In the macroautophagy pathway, impaired organelles are enclosed by a phagophore or isolation-membrane (IM), expansion of which gives rise to the autophagosome, a double-membrane vacuole that engulfs cellular components. Subsequently, the autophagosome fuses with lysosomes, in which lysosomal cathepsins, i.e. cathepsin B, D, L, etc. play a key role to allow normal function of the lysosome. Fusion of autophagosomes with lysosomes forms autolysosomes, playing a role in the degradation of cytoplasmic organelles. Inhibition of cathepsins B and L resulted in the accumulation of abnormal unprocessed cathepsins (pro-cathepsins) in the lysosomes. Abnormal accumulation of pro-cathepsins in the lysosomes leads to impaired autophagic process, especially fusion with autophagosomes, resulting in enlarged lysosomes. This lysosomal dysfunction indicates the phenomenon manifesting in lysosomal storage, finally inducing cell death by the activation of caspases.
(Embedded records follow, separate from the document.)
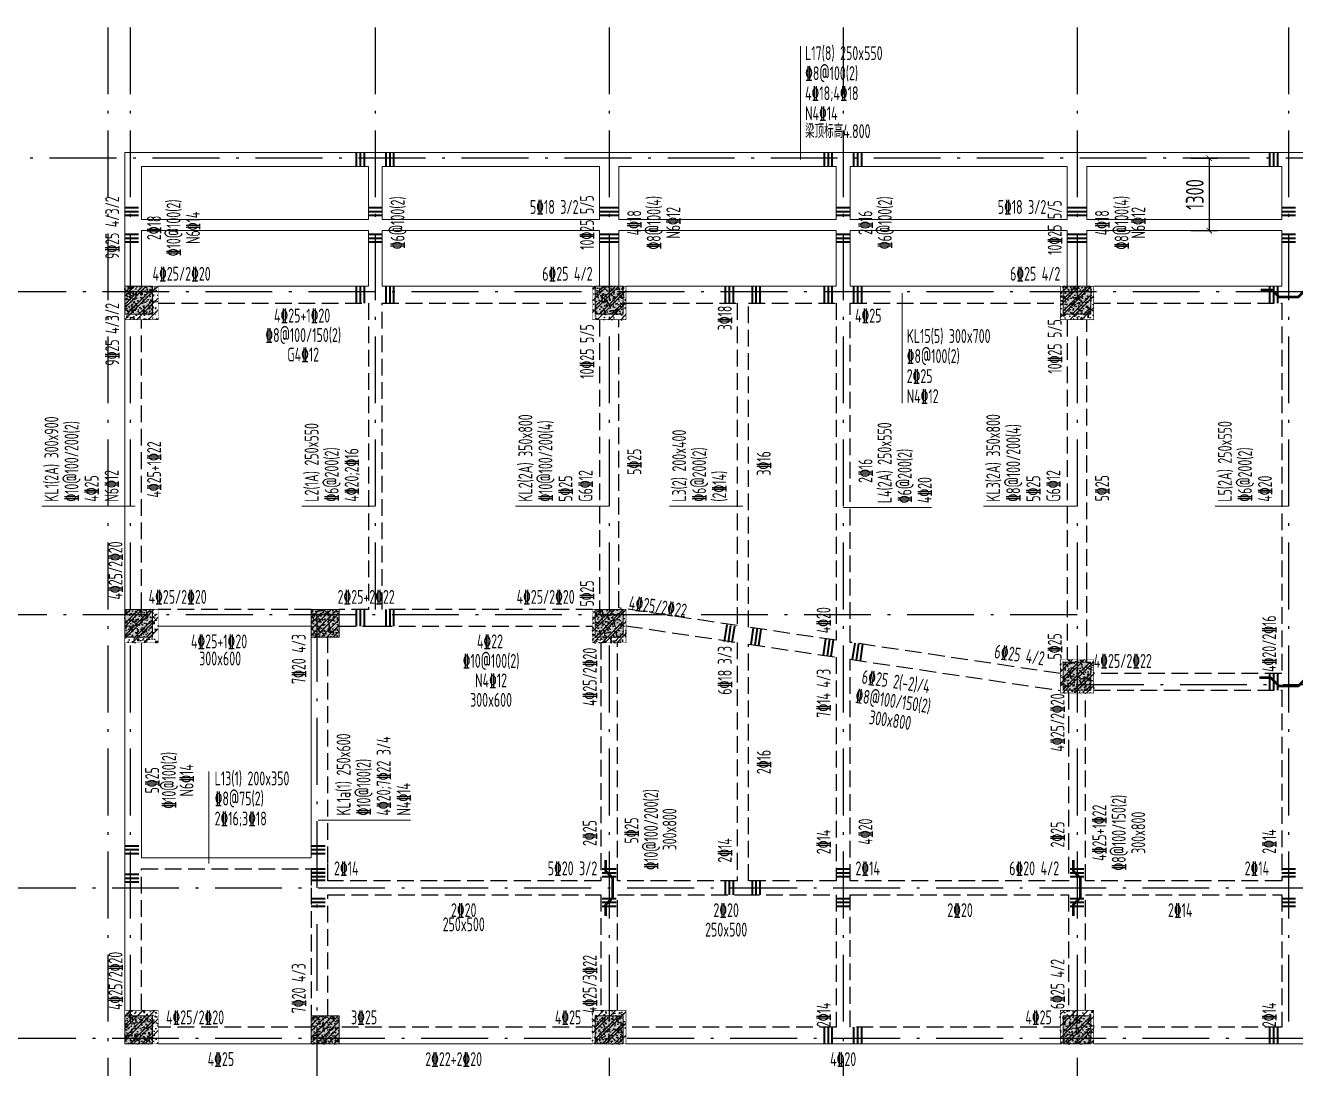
# Model space of a CAD drawing. Extents: x 169490 to 7584583, y -2399407 to 1374371.
# Drawn here: x 734537 to 757345, y 736237 to 754967 of the extents above; entities that cross this region are included whole.
import ezdxf
from ezdxf.enums import TextEntityAlignment as Align

# ---------------------------------------------------------------- set-up
doc = ezdxf.new("R2010")
doc.units = 0
doc.header["$LTSCALE"] = 100
doc.linetypes.add('D3轴线点划线', pattern=[18.5, 12, -3, 0.5, -3])
doc.linetypes.add('H3普通虚线', pattern=[4.2, 3, -1.2])
doc.layers.get('0').update_dxf_attribs({"linetype": 'CONTINUOUS'})
doc.layers.get('DEFPOINTS').update_dxf_attribs({"linetype": 'CONTINUOUS'})
for name, color, linetype in [('BEAM_CONT', 4, 'CONTINUOUS'), ('C-DOTE', 8, 'D3轴线点划线'), ('S-BEAM-LINE2', 4, 'H3普通虚线'), ('S-COLU-HATCH', 251, 'CONTINUOUS'), ('S-SLAB-DIM', 92, 'CONTINUOUS')]:
    doc.layers.add(name, color=color, linetype=linetype)
for name, color, linetype, lineweight in [('S-COLU-LINE1', 6, 'CONTINUOUS', 18), ('梁原位标注', 7, 'CONTINUOUS', 18), ('梁标注引线', 2, 'CONTINUOUS', 18), ('梁附加吊筋', 1, 'CONTINUOUS', 50), ('梁附加箍筋', 1, 'CONTINUOUS', 35)]:
    doc.layers.add(name, color=color, linetype=linetype, lineweight=lineweight)
doc.styles.add('BW_Rein', font='Tssdeng.shx', dxfattribs={"width": 0.7, "bigfont": 'hztxt.shx'})
doc.styles.add('TSSD_Dimension', font='Tssdeng.shx', dxfattribs={"width": 0.7, "bigfont": 'tssdchn.shx'})
doc.dimstyles.new('TSSD_100_100$0', dxfattribs={"dimtxt": 320, "dimasz": 100, "dimexe": 150, "dimexo": 150, "dimgap": 100, "dimtad": 1, "dimdec": 0, "dimzin": 0, "dimdsep": 46, "dimtxsty": 'TSSD_Dimension', "dimblk": 'ARCHTICK', "dimcen": 0, "dimclrt": 7, "dimadec": 1, "dimazin": 0, "dimtfac": 1, "dimtdec": 0, "dimtix": 1, "dimtmove": 2, "dimatfit": 3, "dimldrblk": '_TSDBK', "dimfxl": 1, "dimtolj": 1, "dimtzin": 0, "dimarcsym": 0})
pattern_1 = [(50, (-5051440.25, 2783926.33), (215.178055, -18.8256405), [22.5, -247.5]), (355, (-5051440.25, 2783926.33), (-41.6254, 225.65764), [18, -198]), (100.4514, (-5051422.32, 2783924.76), (173.5528145, 206.8318626), [19.122057, -210.3426336]), (46.1842, (-5051440.25, 2783986.33), (320.172315, -49.655704), [33.75, -371.25]), (96.6356, (-5051413.57, 2783982.2), (280.398812, 292.235361), [28.683086, -315.5139]), (351.1842, (-5051440.25, 2783986.33), (280.398584, 292.23558), [27, -297]), (21, (-5051410.25, 2783971.33), (179.0721156, -120.785667), [22.5, -247.5]), (326, (-5051410.25, 2783971.33), (72.9945996, 217.5450135), [18, -198]), (71.4514, (-5051395.33, 2783961.27), (252.0667886, 96.759149), [19.122057, -210.3426336]), (37.5, (-5051440.254, 2783926.33), (3.6479566, 99.86815615), [0, -195.6, 0, -201, 0, -198.75]), (7.5, (-5051440.25, 2783926.33), (78.9208612, 118.3235136), [0, -114.6, 0, -191.1, 0, -75.75]), (327.5, (-5051507.154, 2783926.33), (160.1467309, -6.7664615), [0, -75, 0, -234, 0, -310.5]), (317.5, (-5051537.15, 2783926.33), (174.9558508, 30.0314947), [0, -97.5, 0, -155.4, 0, -220.5]), (45, (-5051440.25, 2783926.33), (-106.066017, 106.066017), [])]
pattern_2 = [(50, (-5048091.25, 2783926.33), (215.178055, -18.8256405), [22.5, -247.5]), (355, (-5048091.25, 2783926.33), (-41.6254, 225.65764), [18, -198]), (100.4514, (-5048073.32, 2783924.76), (173.5528145, 206.8318626), [19.122057, -210.3426336]), (46.1842, (-5048091.25, 2783986.33), (320.172315, -49.655704), [33.75, -371.25]), (96.6356, (-5048064.57, 2783982.2), (280.398812, 292.235361), [28.683086, -315.5139]), (351.1842, (-5048091.25, 2783986.33), (280.398584, 292.23558), [27, -297]), (21, (-5048061.25, 2783971.33), (179.0721156, -120.785667), [22.5, -247.5]), (326, (-5048061.25, 2783971.33), (72.9945996, 217.5450135), [18, -198]), (71.4514, (-5048046.33, 2783961.27), (252.0667886, 96.759149), [19.122057, -210.3426336]), (37.5, (-5048091.254, 2783926.33), (3.6479566, 99.86815615), [0, -195.6, 0, -201, 0, -198.75]), (7.5, (-5048091.25, 2783926.33), (78.9208612, 118.3235136), [0, -114.6, 0, -191.1, 0, -75.75]), (327.5, (-5048158.154, 2783926.33), (160.1467309, -6.7664615), [0, -75, 0, -234, 0, -310.5]), (317.5, (-5048188.15, 2783926.33), (174.9558508, 30.0314947), [0, -97.5, 0, -155.4, 0, -220.5]), (45, (-5048091.25, 2783926.33), (-106.066017, 106.066017), [])]
pattern_3 = [(50, (0, 0), (215.178055, -18.82564), [22.5, -247.5]), (355, (0, 0), (-41.6254, 225.65764), [18, -198]), (100.4514, (17.93, -1.57), (173.552815, 206.831863), [19.122057, -210.342634]), (46.1842, (0, 60), (320.172315, -49.655704), [33.75, -371.25]), (96.6356, (26.68, 55.86), (280.39881, 292.23536), [28.68309, -315.5139]), (351.1842, (0, 60), (280.39858, 292.23558), [27, -297]), (21, (30, 45), (179.072116, -120.785667), [22.5, -247.5]), (326, (30, 45), (72.9946, 217.545014), [18, -198]), (71.4514, (44.92, 34.93), (252.06679, 96.75915), [19.122057, -210.342634]), (37.5, (0, 0), (3.6479566, 99.868156), [0, -195.6, 0, -201, 0, -198.75]), (7.5, (0, 0), (78.920861, 118.323514), [0, -114.6, 0, -191.1, 0, -75.75]), (327.5, (-66.9, 0), (160.146731, -6.7664615), [0, -75, 0, -234, 0, -310.5]), (317.5, (-96.9, 0), (174.955851, 30.031495), [0, -97.5, 0, -155.4, 0, -220.5]), (45, (0, 0), (-106.066017, 106.066017), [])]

https://doi.org/10.1371/journal.pone.0116972.g007

Discussion

In our previous study, we showed that the chronic exposure of INS-1 cells and rat islets to high concentration of glucose induces autophagy as a protective mechanism [35]. In this study, pharmacological and genetic studies targeting lysosomal cathepsins demonstrated that the cysteine cathepsins, but not aspartic cathepsins, play a protective role in INS-1 cells and islets under glucotoxicity (Figs. 1 and 2). This suggests that the cysteine cathepsins may play an important role in the balance between cell death and survival in pancreatic β-cells under hyperglycemic conditions.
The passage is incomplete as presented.